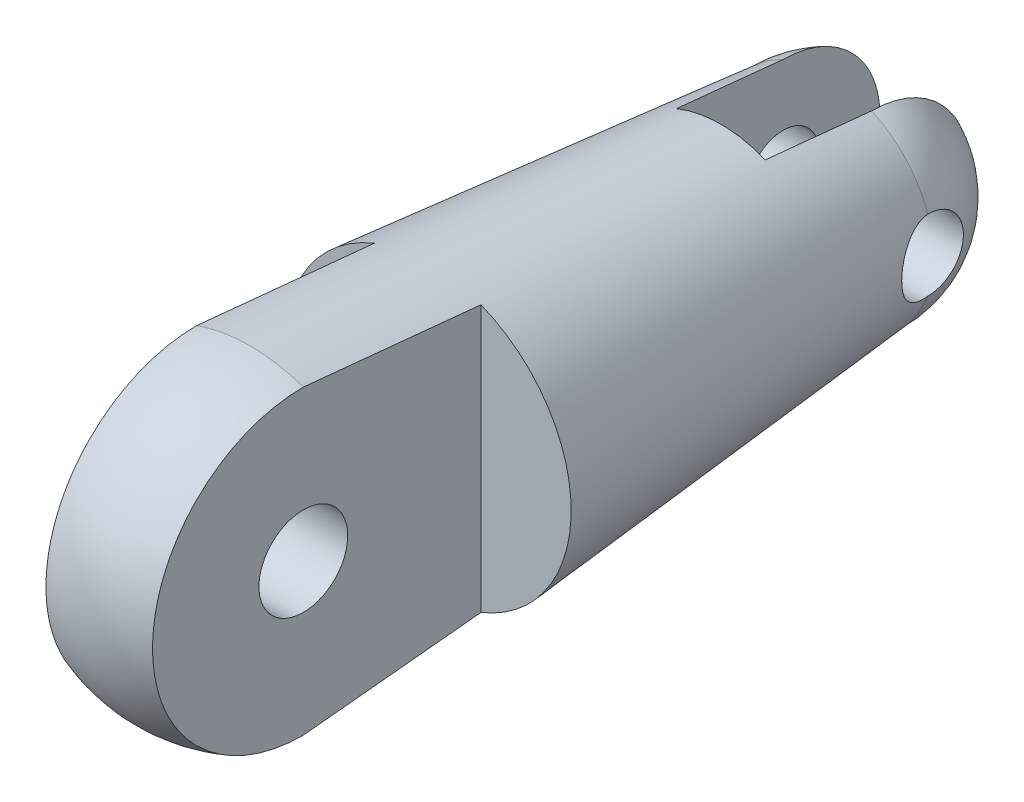
from build123d import *

# Parameters (mm, degrees)
SKETCH2_R          = 5
SKETCH2_R_2        = 4
CUT_EXTRUDE1_DEPTH = 30
SKETCH3_W          = 20.330301562
SKETCH3_H          = 41.442025473
SKETCH3_W_2        = 16.200064503
SKETCH3_H_2        = 44.818824912
CUT_EXTRUDE2_DEPTH = 20
SKETCH4_W          = 10
SKETCH4_H          = 24
CUT_EXTRUDE3_DEPTH = 20


with BuildPart() as part:
    # Sketch1 → Revolve1 (revolve)
    with BuildSketch(Plane(origin=(0, 0, 0), x_dir=(0, 0, -1), z_dir=(1, 0, 0))):
        with BuildLine():
            Line((-18, 0), (77, 0))
            ThreePointArc((77, 0), (73.485281374, 8.485281374), (65, 12))
            Line((65, 12), (0, 18))
            ThreePointArc((0, 18), (-12.727922061, 12.727922061), (-18, 0))
        make_face()
    revolve(axis=Axis((0, 0, 43.473022029), (0, 0, -1)))

    # Sketch2 → Cut-Extrude1 (cut, symmetric)
    with BuildSketch(Plane(origin=(0, 0, 0), x_dir=(0, 0, -1), z_dir=(1, 0, 0))):
        with Locations(Location((0, 0, 0), (0, 0, 270))):
            Circle(SKETCH2_R)
        with Locations(Location((65, 0, 0), (0, 0, 90))):
            Circle(SKETCH2_R_2)
    extrude(amount=CUT_EXTRUDE1_DEPTH, both=True, mode=Mode.SUBTRACT)

    # Sketch3 → Cut-Extrude2 (cut, symmetric)
    with BuildSketch(Plane(origin=(0, 0, 0), x_dir=(1, 0, 0), z_dir=(0, 1, 0))):
        with Locations((-16.165150781, -0.721012737)):
            Rectangle(SKETCH3_W, SKETCH3_H)
        with Locations((14.100032252, -2.409412456)):
            Rectangle(SKETCH3_W_2, SKETCH3_H_2)
    extrude(amount=CUT_EXTRUDE2_DEPTH, both=True, mode=Mode.SUBTRACT)

    # Sketch4 → Cut-Extrude3 (cut, symmetric)
    with BuildSketch(Plane(origin=(0, 0, 0), x_dir=(1, 0, 0), z_dir=(0, 1, 0))):
        with Locations((0, 65)):
            Rectangle(SKETCH4_W, SKETCH4_H)
    extrude(amount=CUT_EXTRUDE3_DEPTH, both=True, mode=Mode.SUBTRACT)


solid = part.part
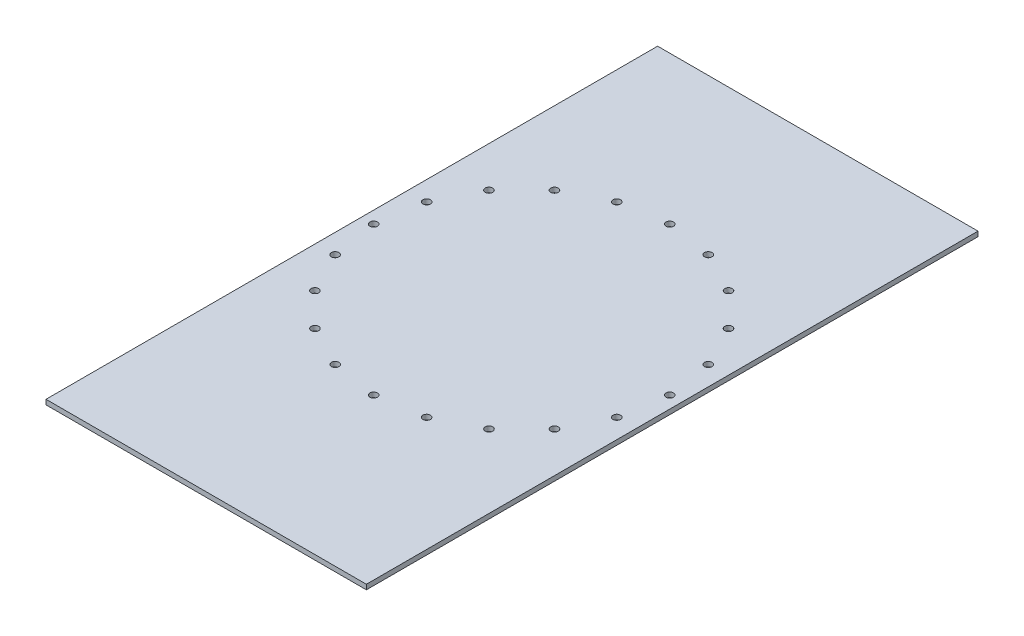
from build123d import *

# Parameters (mm, degrees)
ESQUISSE1_W             = 660
ESQUISSE1_H             = 1260
BOSS_EXTRU_1_DEPTH      = 10
ESQUISSE2_R             = 7.75
ENL_V_MAT_EXTRU_1_DEPTH = 10


with BuildPart() as part:
    # Esquisse1 → Boss.-Extru.1 (new body)
    with BuildSketch(Plane(origin=(0, 0, 0), x_dir=(1, 0, 0), z_dir=(0, 1, 0))):
        with Locations((330, 630)):
            Rectangle(ESQUISSE1_W, ESQUISSE1_H)
    extrude(amount=BOSS_EXTRU_1_DEPTH)

    # Esquisse2 → Enlèv. mat.-Extru.1 (cut)
    with BuildSketch(Plane(origin=(0, 10, 0), x_dir=(1, 0, 0), z_dir=(0, 1, 0))):
        with Locations(Location((25, 650, 0), (0, 0, 270))):
            Circle(ESQUISSE2_R)
        with Locations(Location((39.92776253, 744.250183284, 0), (0, 0, 270))):
            Circle(ESQUISSE2_R)
        with Locations(Location((83.249816716, 829.274501949, 0), (0, 0, 270))):
            Circle(ESQUISSE2_R)
        with Locations(Location((150.725498051, 896.750183284, 0), (0, 0, 270))):
            Circle(ESQUISSE2_R)
        with Locations(Location((235.749816716, 940.07223747, 0), (0, 0, 270))):
            Circle(ESQUISSE2_R)
        with Locations(Location((330, 955, 0), (0, 0, 270))):
            Circle(ESQUISSE2_R)
        with Locations(Location((424.250183284, 940.07223747, 0), (0, 0, 270))):
            Circle(ESQUISSE2_R)
        with Locations(Location((509.274501949, 896.750183284, 0), (0, 0, 270))):
            Circle(ESQUISSE2_R)
        with Locations(Location((576.750183284, 829.274501949, 0), (0, 0, 270))):
            Circle(ESQUISSE2_R)
        with Locations(Location((620.07223747, 744.250183284, 0), (0, 0, 270))):
            Circle(ESQUISSE2_R)
        with Locations(Location((635, 650, 0), (0, 0, 270))):
            Circle(ESQUISSE2_R)
        with Locations(Location((620.07223747, 555.749816716, 0), (0, 0, 270))):
            Circle(ESQUISSE2_R)
        with Locations(Location((576.750183284, 470.725498051, 0), (0, 0, 270))):
            Circle(ESQUISSE2_R)
        with Locations(Location((509.274501949, 403.249816716, 0), (0, 0, 270))):
            Circle(ESQUISSE2_R)
        with Locations(Location((424.250183284, 359.92776253, 0), (0, 0, 270))):
            Circle(ESQUISSE2_R)
        with Locations(Location((330, 345, 0), (0, 0, 270))):
            Circle(ESQUISSE2_R)
        with Locations(Location((235.749816716, 359.92776253, 0), (0, 0, 270))):
            Circle(ESQUISSE2_R)
        with Locations(Location((150.725498051, 403.249816716, 0), (0, 0, 270))):
            Circle(ESQUISSE2_R)
        with Locations(Location((83.249816716, 470.725498051, 0), (0, 0, 270))):
            Circle(ESQUISSE2_R)
        with Locations(Location((39.92776253, 555.749816716, 0), (0, 0, 270))):
            Circle(ESQUISSE2_R)
    extrude(amount=-ENL_V_MAT_EXTRU_1_DEPTH, mode=Mode.SUBTRACT)


solid = part.part
────────────────────────────────────────
> [WHAT YOU NEED TO DO]:
Return word for word the lines from the beginning of the entries through the line that contains "# Sketch3 → Cut-Extrude2 (cut, symmetric)", both ends included, but no pictures.

> [TASK ANSWER]:
from build123d import *

# Parameters (mm, degrees)
SKETCH2_R          = 5
SKETCH2_R_2        = 4
CUT_EXTRUDE1_DEPTH = 30
SKETCH3_W          = 20.330301562
SKETCH3_H          = 41.442025473
SKETCH3_W_2        = 16.200064503
SKETCH3_H_2        = 44.818824912
CUT_EXTRUDE2_DEPTH = 20
SKETCH4_W          = 10
SKETCH4_H          = 24
CUT_EXTRUDE3_DEPTH = 20


with BuildPart() as part:
    # Sketch1 → Revolve1 (revolve)
    with BuildSketch(Plane(origin=(0, 0, 0), x_dir=(0, 0, -1), z_dir=(1, 0, 0))):
        with BuildLine():
            Line((-18, 0), (77, 0))
            ThreePointArc((77, 0), (73.485281374, 8.485281374), (65, 12))
            Line((65, 12), (0, 18))
            ThreePointArc((0, 18), (-12.727922061, 12.727922061), (-18, 0))
        make_face()
    revolve(axis=Axis((0, 0, 43.473022029), (0, 0, -1)))

    # Sketch2 → Cut-Extrude1 (cut, symmetric)
    with BuildSketch(Plane(origin=(0, 0, 0), x_dir=(0, 0, -1), z_dir=(1, 0, 0))):
        with Locations(Location((0, 0, 0), (0, 0, 270))):
            Circle(SKETCH2_R)
        with Locations(Location((65, 0, 0), (0, 0, 90))):
            Circle(SKETCH2_R_2)
    extrude(amount=CUT_EXTRUDE1_DEPTH, both=True, mode=Mode.SUBTRACT)

    # Sketch3 → Cut-Extrude2 (cut, symmetric)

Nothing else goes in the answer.